From the entries below, retype only the lines from the one with "#267=EDGE_CURVE('E237',#266,#258,#264,.T.);" through the one with "#291=EDGE_CURVE('E245',#288,#290,#286,.T.);", exactly as written.

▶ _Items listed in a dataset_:
----------------
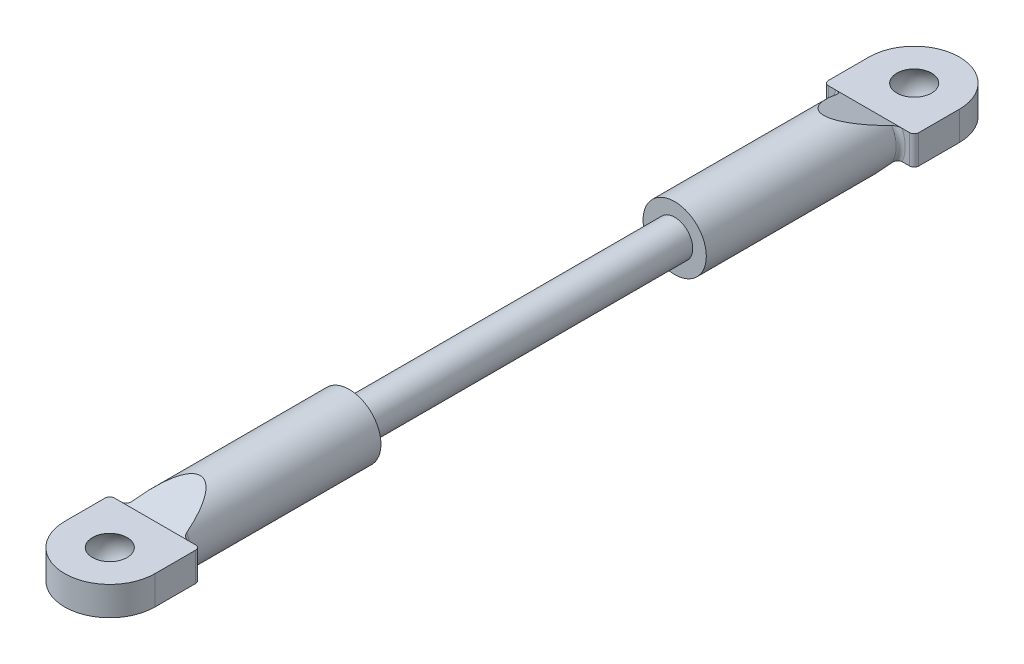
ISO-10303-21;
HEADER;
FILE_DESCRIPTION(('STEP AP214'),'2;1');
FILE_NAME('part.step','',(''),(''),'','','');
FILE_SCHEMA(('AUTOMOTIVE_DESIGN { 1 0 10303 214 1 1 1 1 }'));
ENDSEC;
DATA;
#1=APPLICATION_CONTEXT('core data for automotive mechanical design processes');
#2=APPLICATION_PROTOCOL_DEFINITION('international standard','automotive_design',2000,#1);
#3=PRODUCT_CONTEXT('',#1,'mechanical');
#4=PRODUCT('Part','Part','',(#3));
#5=PRODUCT_RELATED_PRODUCT_CATEGORY('part','',(#4));
#6=PRODUCT_DEFINITION_FORMATION('','',#4);
#7=PRODUCT_DEFINITION_CONTEXT('part definition',#1,'design');
#8=PRODUCT_DEFINITION('design','',#6,#7);
#9=PRODUCT_DEFINITION_SHAPE('','',#8);
#10=(LENGTH_UNIT() NAMED_UNIT(*) SI_UNIT(.MILLI.,.METRE.));
#11=(NAMED_UNIT(*) PLANE_ANGLE_UNIT() SI_UNIT($,.RADIAN.));
#12=(NAMED_UNIT(*) SI_UNIT($,.STERADIAN.) SOLID_ANGLE_UNIT());
#13=UNCERTAINTY_MEASURE_WITH_UNIT(LENGTH_MEASURE(1.E-05),#10,'distance_accuracy_value','');
#14=(GEOMETRIC_REPRESENTATION_CONTEXT(3) GLOBAL_UNCERTAINTY_ASSIGNED_CONTEXT((#13)) GLOBAL_UNIT_ASSIGNED_CONTEXT((#10,
#11,#12)) REPRESENTATION_CONTEXT('',''));
#15=CARTESIAN_POINT('',(0.,0.,0.));
#16=DIRECTION('',(0.,0.,1.));
#17=DIRECTION('',(1.,0.,0.));
#18=AXIS2_PLACEMENT_3D('',#15,#16,#17);
#19=CARTESIAN_POINT('',(0.,0.,-39.5));
#20=DIRECTION('',(0.,0.,1.));
#21=DIRECTION('',(1.,0.,0.));
#22=AXIS2_PLACEMENT_3D('',#19,#20,#21);
#23=CYLINDRICAL_SURFACE('',#22,3.5);
#24=CARTESIAN_POINT('',(0.,0.,-18.));
#25=DIRECTION('',(0.,0.,1.));
#26=DIRECTION('',(1.,0.,0.));
#27=AXIS2_PLACEMENT_3D('',#24,#25,#26);
#28=CIRCLE('',#27,3.5);
#29=CARTESIAN_POINT('',(3.5,0.,-18.));
#30=VERTEX_POINT('',#29);
#31=EDGE_CURVE('E186',#30,#30,#28,.T.);
#32=ORIENTED_EDGE('',*,*,#31,.F.);
#33=EDGE_LOOP('',(#32));
#34=FACE_BOUND('',#33,.T.);
#35=CARTESIAN_POINT('',(0.,0.,-43.7105263157895));
#36=DIRECTION('',(0.,0.934783580588349,-0.355217760623573));
#37=DIRECTION('',(0.,0.355217760623573,0.934783580588349));
#38=AXIS2_PLACEMENT_3D('',#35,#36,#37);
#39=ELLIPSE('',#38,9.85311093075939,3.5);
#40=CARTESIAN_POINT('',(3.00764027104306,1.79,-39.));
#41=VERTEX_POINT('',#40);
#42=CARTESIAN_POINT('',(-3.00764027104306,1.79,-39.));
#43=VERTEX_POINT('',#42);
#44=EDGE_CURVE('E513',#41,#43,#39,.F.);
#45=ORIENTED_EDGE('',*,*,#44,.T.);
#46=CARTESIAN_POINT('',(0.,0.,-39.));
#47=DIRECTION('',(0.,0.,1.));
#48=DIRECTION('',(1.,0.,0.));
#49=AXIS2_PLACEMENT_3D('',#46,#47,#48);
#50=CIRCLE('',#49,3.5);
#51=CARTESIAN_POINT('',(-3.00764027104306,-1.79,-39.));
#52=VERTEX_POINT('',#51);
#53=EDGE_CURVE('E367',#43,#52,#50,.T.);
#54=ORIENTED_EDGE('',*,*,#53,.T.);
#55=CARTESIAN_POINT('',(0.,0.,-43.7105263157895));
#56=DIRECTION('',(0.,-0.934783580588349,-0.355217760623573));
#57=DIRECTION('',(0.,-0.355217760623573,0.934783580588349));
#58=AXIS2_PLACEMENT_3D('',#55,#56,#57);
#59=ELLIPSE('',#58,9.85311093075939,3.5);
#60=CARTESIAN_POINT('',(3.00764027104306,-1.79,-39.));
#61=VERTEX_POINT('',#60);
#62=EDGE_CURVE('E210',#52,#61,#59,.F.);
#63=ORIENTED_EDGE('',*,*,#62,.T.);
#64=CARTESIAN_POINT('',(0.,0.,-39.));
#65=DIRECTION('',(0.,0.,1.));
#66=DIRECTION('',(1.,0.,0.));
#67=AXIS2_PLACEMENT_3D('',#64,#65,#66);
#68=CIRCLE('',#67,3.5);
#69=EDGE_CURVE('E364',#61,#41,#68,.T.);
#70=ORIENTED_EDGE('',*,*,#69,.T.);
#71=EDGE_LOOP('',(#45,#54,#63,#70));
#72=FACE_BOUND('',#71,.T.);
#73=ADVANCED_FACE('F37',(#34,#72),#23,.T.);
#74=CARTESIAN_POINT('',(0.,0.,18.));
#75=DIRECTION('',(0.,0.,-1.));
#76=DIRECTION('',(-1.,0.,0.));
#77=AXIS2_PLACEMENT_3D('',#74,#75,#76);
#78=CYLINDRICAL_SURFACE('',#77,2.);
#79=CARTESIAN_POINT('',(0.,0.,18.));
#80=DIRECTION('',(0.,0.,1.));
#81=DIRECTION('',(1.,0.,0.));
#82=AXIS2_PLACEMENT_3D('',#79,#80,#81);
#83=CIRCLE('',#82,2.);
#84=CARTESIAN_POINT('',(2.,0.,18.));
#85=VERTEX_POINT('',#84);
#86=EDGE_CURVE('E269',#85,#85,#83,.T.);
#87=ORIENTED_EDGE('',*,*,#86,.F.);
#88=EDGE_LOOP('',(#87));
#89=FACE_BOUND('',#88,.T.);
#90=CARTESIAN_POINT('',(0.,0.,-18.));
#91=DIRECTION('',(0.,0.,-1.));
#92=DIRECTION('',(-1.,0.,0.));
#93=AXIS2_PLACEMENT_3D('',#90,#91,#92);
#94=CIRCLE('',#93,2.);
#95=CARTESIAN_POINT('',(-2.,0.,-18.));
#96=VERTEX_POINT('',#95);
#97=EDGE_CURVE('E221',#96,#96,#94,.T.);
#98=ORIENTED_EDGE('',*,*,#97,.F.);
#99=EDGE_LOOP('',(#98));
#100=FACE_BOUND('',#99,.T.);
#101=ADVANCED_FACE('F425',(#89,#100),#78,.T.);
#102=CARTESIAN_POINT('',(0.,0.,39.5));
#103=DIRECTION('',(0.,0.,-1.));
#104=DIRECTION('',(-1.,0.,0.));
#105=AXIS2_PLACEMENT_3D('',#102,#103,#104);
#106=CYLINDRICAL_SURFACE('',#105,3.5);
#107=CARTESIAN_POINT('',(0.,0.,43.7105263157895));
#108=DIRECTION('',(0.,0.934783580588349,-0.355217760623573));
#109=DIRECTION('',(0.,-0.355217760623573,-0.934783580588349));
#110=AXIS2_PLACEMENT_3D('',#107,#108,#109);
#111=ELLIPSE('',#110,9.85311093075939,3.5);
#112=CARTESIAN_POINT('',(3.00764027104306,-1.79,39.));
#113=VERTEX_POINT('',#112);
#114=CARTESIAN_POINT('',(-3.00764027104306,-1.79,39.));
#115=VERTEX_POINT('',#114);
#116=EDGE_CURVE('E233',#113,#115,#111,.T.);
#117=ORIENTED_EDGE('',*,*,#116,.T.);
#118=CARTESIAN_POINT('',(0.,0.,39.));
#119=DIRECTION('',(0.,0.,1.));
#120=DIRECTION('',(1.,0.,0.));
#121=AXIS2_PLACEMENT_3D('',#118,#119,#120);
#122=CIRCLE('',#121,3.5);
#123=CARTESIAN_POINT('',(-3.00764027104306,1.79,39.));
#124=VERTEX_POINT('',#123);
#125=EDGE_CURVE('E290',#115,#124,#122,.F.);
#126=ORIENTED_EDGE('',*,*,#125,.T.);
#127=CARTESIAN_POINT('',(0.,0.,43.7105263157895));
#128=DIRECTION('',(0.,-0.934783580588349,-0.355217760623573));
#129=DIRECTION('',(0.,0.355217760623573,-0.934783580588349));
#130=AXIS2_PLACEMENT_3D('',#127,#128,#129);
#131=ELLIPSE('',#130,9.85311093075939,3.5);
#132=CARTESIAN_POINT('',(3.00764027104306,1.79,39.));
#133=VERTEX_POINT('',#132);
#134=EDGE_CURVE('E230',#124,#133,#131,.T.);
#135=ORIENTED_EDGE('',*,*,#134,.T.);
#136=CARTESIAN_POINT('',(0.,0.,39.));
#137=DIRECTION('',(0.,0.,1.));
#138=DIRECTION('',(1.,0.,0.));
#139=AXIS2_PLACEMENT_3D('',#136,#137,#138);
#140=CIRCLE('',#139,3.5);
#141=EDGE_CURVE('E288',#133,#113,#140,.F.);
#142=ORIENTED_EDGE('',*,*,#141,.T.);
#143=EDGE_LOOP('',(#117,#126,#135,#142));
#144=FACE_BOUND('',#143,.T.);
#145=CARTESIAN_POINT('',(0.,0.,18.));
#146=DIRECTION('',(0.,0.,1.));
#147=DIRECTION('',(1.,0.,0.));
#148=AXIS2_PLACEMENT_3D('',#145,#146,#147);
#149=CIRCLE('',#148,3.5);
#150=CARTESIAN_POINT('',(3.5,0.,18.));
#151=VERTEX_POINT('',#150);
#152=EDGE_CURVE('E266',#151,#151,#149,.T.);
#153=ORIENTED_EDGE('',*,*,#152,.T.);
#154=EDGE_LOOP('',(#153));
#155=FACE_BOUND('',#154,.T.);
#156=ADVANCED_FACE('F486',(#144,#155),#106,.T.);
#157=CARTESIAN_POINT('',(0.,0.,18.));
#158=DIRECTION('',(0.,0.,1.));
#159=DIRECTION('',(1.,0.,0.));
#160=AXIS2_PLACEMENT_3D('',#157,#158,#159);
#161=PLANE('',#160);
#162=ORIENTED_EDGE('',*,*,#86,.T.);
#163=EDGE_LOOP('',(#162));
#164=FACE_BOUND('',#163,.T.);
#165=ORIENTED_EDGE('',*,*,#152,.F.);
#166=EDGE_LOOP('',(#165));
#167=FACE_BOUND('',#166,.T.);
#168=ADVANCED_FACE('F489',(#164,#167),#161,.F.);
#169=CARTESIAN_POINT('',(4.99999999999995,1.6,39.5));
#170=DIRECTION('',(0.,0.,1.));
#171=DIRECTION('',(1.,0.,0.));
#172=AXIS2_PLACEMENT_3D('',#169,#170,#171);
#173=PLANE('',#172);
#174=DIRECTION('',(-1.,0.,0.));
#175=VECTOR('',#174,1.);
#176=CARTESIAN_POINT('',(4.99999999999995,-1.6,39.5));
#177=LINE('',#176,#175);
#178=CARTESIAN_POINT('',(-3.66606055596467,-1.6,39.5));
#179=VERTEX_POINT('',#178);
#180=CARTESIAN_POINT('',(-4.50000000000005,-1.6,39.5));
#181=VERTEX_POINT('',#180);
#182=EDGE_CURVE('E253',#179,#181,#177,.T.);
#183=ORIENTED_EDGE('',*,*,#182,.T.);
#184=DIRECTION('',(0.,-1.,0.));
#185=VECTOR('',#184,1.);
#186=CARTESIAN_POINT('',(-4.50000000000005,1.6,39.5));
#187=LINE('',#186,#185);
#188=CARTESIAN_POINT('',(-4.50000000000005,1.6,39.5));
#189=VERTEX_POINT('',#188);
#190=EDGE_CURVE('E282',#181,#189,#187,.F.);
#191=ORIENTED_EDGE('',*,*,#190,.T.);
#192=DIRECTION('',(-1.,0.,0.));
#193=VECTOR('',#192,1.);
#194=CARTESIAN_POINT('',(4.99999999999995,1.6,39.5));
#195=LINE('',#194,#193);
#196=CARTESIAN_POINT('',(-3.66606055596467,1.6,39.5));
#197=VERTEX_POINT('',#196);
#198=EDGE_CURVE('E240',#197,#189,#195,.T.);
#199=ORIENTED_EDGE('',*,*,#198,.F.);
#200=CARTESIAN_POINT('',(0.,0.,39.5));
#201=DIRECTION('',(0.,0.,1.));
#202=DIRECTION('',(1.,0.,0.));
#203=AXIS2_PLACEMENT_3D('',#200,#201,#202);
#204=CIRCLE('',#203,4.);
#205=EDGE_CURVE('E279',#197,#179,#204,.T.);
#206=ORIENTED_EDGE('',*,*,#205,.T.);
#207=EDGE_LOOP('',(#183,#191,#199,#206));
#208=FACE_BOUND('',#207,.T.);
#209=ADVANCED_FACE('F454',(#208),#173,.F.);
#210=CARTESIAN_POINT('',(4.49999999999995,1.6,39.5));
#211=VERTEX_POINT('',#210);
#212=CARTESIAN_POINT('',(3.66606055596467,1.6,39.5));
#213=VERTEX_POINT('',#212);
#214=EDGE_CURVE('E242',#211,#213,#195,.T.);
#215=ORIENTED_EDGE('',*,*,#214,.F.);
#216=DIRECTION('',(0.,-1.,0.));
#217=VECTOR('',#216,1.);
#218=CARTESIAN_POINT('',(4.49999999999995,1.6,39.5));
#219=LINE('',#218,#217);
#220=CARTESIAN_POINT('',(4.49999999999995,-1.6,39.5));
#221=VERTEX_POINT('',#220);
#222=EDGE_CURVE('E295',#211,#221,#219,.T.);
#223=ORIENTED_EDGE('',*,*,#222,.T.);
#224=CARTESIAN_POINT('',(3.66606055596467,-1.6,39.5));
#225=VERTEX_POINT('',#224);
#226=EDGE_CURVE('E254',#221,#225,#177,.T.);
#227=ORIENTED_EDGE('',*,*,#226,.T.);
#228=CARTESIAN_POINT('',(0.,0.,39.5));
#229=DIRECTION('',(0.,0.,1.));
#230=DIRECTION('',(1.,0.,0.));
#231=AXIS2_PLACEMENT_3D('',#228,#229,#230);
#232=CIRCLE('',#231,4.);
#233=EDGE_CURVE('E292',#225,#213,#232,.T.);
#234=ORIENTED_EDGE('',*,*,#233,.T.);
#235=EDGE_LOOP('',(#215,#223,#227,#234));
#236=FACE_BOUND('',#235,.T.);
#237=ADVANCED_FACE('F482',(#236),#173,.F.);
#238=CARTESIAN_POINT('',(4.99999999999995,1.6,39.5));
#239=DIRECTION('',(-1.,0.,0.));
#240=DIRECTION('',(0.,0.,1.));
#241=AXIS2_PLACEMENT_3D('',#238,#239,#240);
#242=PLANE('',#241);
#243=DIRECTION('',(0.,0.,-1.));
#244=VECTOR('',#243,1.);
#245=CARTESIAN_POINT('',(4.99999999999995,-1.6,39.5));
#246=LINE('',#245,#244);
#247=CARTESIAN_POINT('',(4.99999999999995,-1.6,44.5));
#248=VERTEX_POINT('',#247);
#249=CARTESIAN_POINT('',(4.99999999999995,-1.6,40.));
#250=VERTEX_POINT('',#249);
#251=EDGE_CURVE('E236',#248,#250,#246,.T.);
#252=ORIENTED_EDGE('',*,*,#251,.T.);
#253=DIRECTION('',(0.,-1.,0.));
#254=VECTOR('',#253,1.);
#255=CARTESIAN_POINT('',(4.99999999999995,1.6,40.));
#256=LINE('',#255,#254);
#257=CARTESIAN_POINT('',(4.99999999999995,1.6,40.));
#258=VERTEX_POINT('',#257);
#259=EDGE_CURVE('E298',#250,#258,#256,.F.);
#260=ORIENTED_EDGE('',*,*,#259,.T.);
#261=DIRECTION('',(0.,0.,-1.));
#262=VECTOR('',#261,1.);
#263=CARTESIAN_POINT('',(4.99999999999995,1.6,39.5));
#264=LINE('',#263,#262);
#265=CARTESIAN_POINT('',(4.99999999999995,1.6,44.5));
#266=VERTEX_POINT('',#265);
#267=EDGE_CURVE('E237',#266,#258,#264,.T.);
#268=ORIENTED_EDGE('',*,*,#267,.F.);
#269=DIRECTION('',(0.,-1.,0.));
#270=VECTOR('',#269,1.);
#271=CARTESIAN_POINT('',(4.99999999999995,1.6,44.5));
#272=LINE('',#271,#270);
#273=EDGE_CURVE('E250',#266,#248,#272,.T.);
#274=ORIENTED_EDGE('',*,*,#273,.T.);
#275=EDGE_LOOP('',(#252,#260,#268,#274));
#276=FACE_BOUND('',#275,.T.);
#277=ADVANCED_FACE('F476',(#276),#242,.F.);
#278=CARTESIAN_POINT('',(-5.00000000000005,1.6,39.5));
#279=DIRECTION('',(1.,0.,0.));
#280=DIRECTION('',(0.,0.,-1.));
#281=AXIS2_PLACEMENT_3D('',#278,#279,#280);
#282=PLANE('',#281);
#283=DIRECTION('',(0.,0.,1.));
#284=VECTOR('',#283,1.);
#285=CARTESIAN_POINT('',(-5.00000000000005,1.6,39.5));
#286=LINE('',#285,#284);
#287=CARTESIAN_POINT('',(-5.00000000000005,1.6,40.));
#288=VERTEX_POINT('',#287);
#289=CARTESIAN_POINT('',(-5.00000000000005,1.6,44.5));
#290=VERTEX_POINT('',#289);
#291=EDGE_CURVE('E245',#288,#290,#286,.T.);
#292=ORIENTED_EDGE('',*,*,#291,.F.);
#293=DIRECTION('',(0.,-1.,0.));
#294=VECTOR('',#293,1.);
#295=CARTESIAN_POINT('',(-5.00000000000005,1.6,40.));
#296=LINE('',#295,#294);
#297=CARTESIAN_POINT('',(-5.00000000000005,-1.6,40.));
#298=VERTEX_POINT('',#297);
#299=EDGE_CURVE('E272',#288,#298,#296,.T.);
#300=ORIENTED_EDGE('',*,*,#299,.T.);
#301=DIRECTION('',(0.,0.,1.));
#302=VECTOR('',#301,1.);
#303=CARTESIAN_POINT('',(-5.00000000000005,-1.6,39.5));
#304=LINE('',#303,#302);
#305=CARTESIAN_POINT('',(-5.00000000000005,-1.6,44.5));
#306=VERTEX_POINT('',#305);
#307=EDGE_CURVE('E257',#298,#306,#304,.T.);
#308=ORIENTED_EDGE('',*,*,#307,.T.);
#309=DIRECTION('',(0.,-1.,0.));
#310=VECTOR('',#309,1.);
#311=CARTESIAN_POINT('',(-5.00000000000005,1.6,44.5));
#312=LINE('',#311,#310);
#313=EDGE_CURVE('E263',#290,#306,#312,.T.);
#314=ORIENTED_EDGE('',*,*,#313,.F.);
#315=EDGE_LOOP('',(#292,#300,#308,#314));
#316=FACE_BOUND('',#315,.T.);
#317=ADVANCED_FACE('F466',(#316),#282,.F.);
#318=CARTESIAN_POINT('',(0.,1.6,44.5));
#319=DIRECTION('',(0.,-1.,0.));
#320=DIRECTION('',(0.,0.,-1.));
#321=AXIS2_PLACEMENT_3D('',#318,#319,#320);
#322=CYLINDRICAL_SURFACE('',#321,5.);
#323=CARTESIAN_POINT('',(0.,-1.6,44.5));
#324=DIRECTION('',(0.,1.,0.));
#325=DIRECTION('',(0.,0.,1.));
#326=AXIS2_PLACEMENT_3D('',#323,#324,#325);
#327=CIRCLE('',#326,5.);
#328=EDGE_CURVE('E241',#306,#248,#327,.T.);
#329=ORIENTED_EDGE('',*,*,#328,.T.);
#330=ORIENTED_EDGE('',*,*,#273,.F.);
#331=CARTESIAN_POINT('',(0.,1.6,44.5));
#332=DIRECTION('',(0.,1.,0.));
#333=DIRECTION('',(0.,0.,1.));
#334=AXIS2_PLACEMENT_3D('',#331,#332,#333);
#335=CIRCLE('',#334,5.);
#336=EDGE_CURVE('E248',#290,#266,#335,.T.);
#337=ORIENTED_EDGE('',*,*,#336,.F.);
#338=ORIENTED_EDGE('',*,*,#313,.T.);
#339=EDGE_LOOP('',(#329,#330,#337,#338));
#340=FACE_BOUND('',#339,.T.);
#341=ADVANCED_FACE('F472',(#340),#322,.T.);
#342=CARTESIAN_POINT('',(0.,1.6,44.5));
#343=DIRECTION('',(0.,1.,0.));
#344=DIRECTION('',(0.,0.,1.));
#345=AXIS2_PLACEMENT_3D('',#342,#343,#344);
#346=PLANE('',#345);
#347=CARTESIAN_POINT('',(0.,1.6,44.5));
#348=DIRECTION('',(0.,-1.,0.));
#349=DIRECTION('',(0.,0.,-1.));
#350=AXIS2_PLACEMENT_3D('',#347,#348,#349);
#351=CIRCLE('',#350,1.92093727122986);
#352=CARTESIAN_POINT('',(0.,1.6,42.5790627287701));
#353=VERTEX_POINT('',#352);
#354=EDGE_CURVE('E227',#353,#353,#351,.T.);
#355=ORIENTED_EDGE('',*,*,#354,.T.);
#356=EDGE_LOOP('',(#355));
#357=FACE_BOUND('',#356,.T.);
#358=ORIENTED_EDGE('',*,*,#198,.T.);
#359=CARTESIAN_POINT('',(-4.50000000000005,1.6,40.));
#360=DIRECTION('',(0.,1.,0.));
#361=DIRECTION('',(0.,0.,1.));
#362=AXIS2_PLACEMENT_3D('',#359,#360,#361);
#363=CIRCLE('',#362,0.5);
----------------
▶ _Exercise solution_:
#267=EDGE_CURVE('E237',#266,#258,#264,.T.);
#268=ORIENTED_EDGE('',*,*,#267,.F.);
#269=DIRECTION('',(0.,-1.,0.));
#270=VECTOR('',#269,1.);
#271=CARTESIAN_POINT('',(4.99999999999995,1.6,44.5));
#272=LINE('',#271,#270);
#273=EDGE_CURVE('E250',#266,#248,#272,.T.);
#274=ORIENTED_EDGE('',*,*,#273,.T.);
#275=EDGE_LOOP('',(#252,#260,#268,#274));
#276=FACE_BOUND('',#275,.T.);
#277=ADVANCED_FACE('F476',(#276),#242,.F.);
#278=CARTESIAN_POINT('',(-5.00000000000005,1.6,39.5));
#279=DIRECTION('',(1.,0.,0.));
#280=DIRECTION('',(0.,0.,-1.));
#281=AXIS2_PLACEMENT_3D('',#278,#279,#280);
#282=PLANE('',#281);
#283=DIRECTION('',(0.,0.,1.));
#284=VECTOR('',#283,1.);
#285=CARTESIAN_POINT('',(-5.00000000000005,1.6,39.5));
#286=LINE('',#285,#284);
#287=CARTESIAN_POINT('',(-5.00000000000005,1.6,40.));
#288=VERTEX_POINT('',#287);
#289=CARTESIAN_POINT('',(-5.00000000000005,1.6,44.5));
#290=VERTEX_POINT('',#289);
#291=EDGE_CURVE('E245',#288,#290,#286,.T.);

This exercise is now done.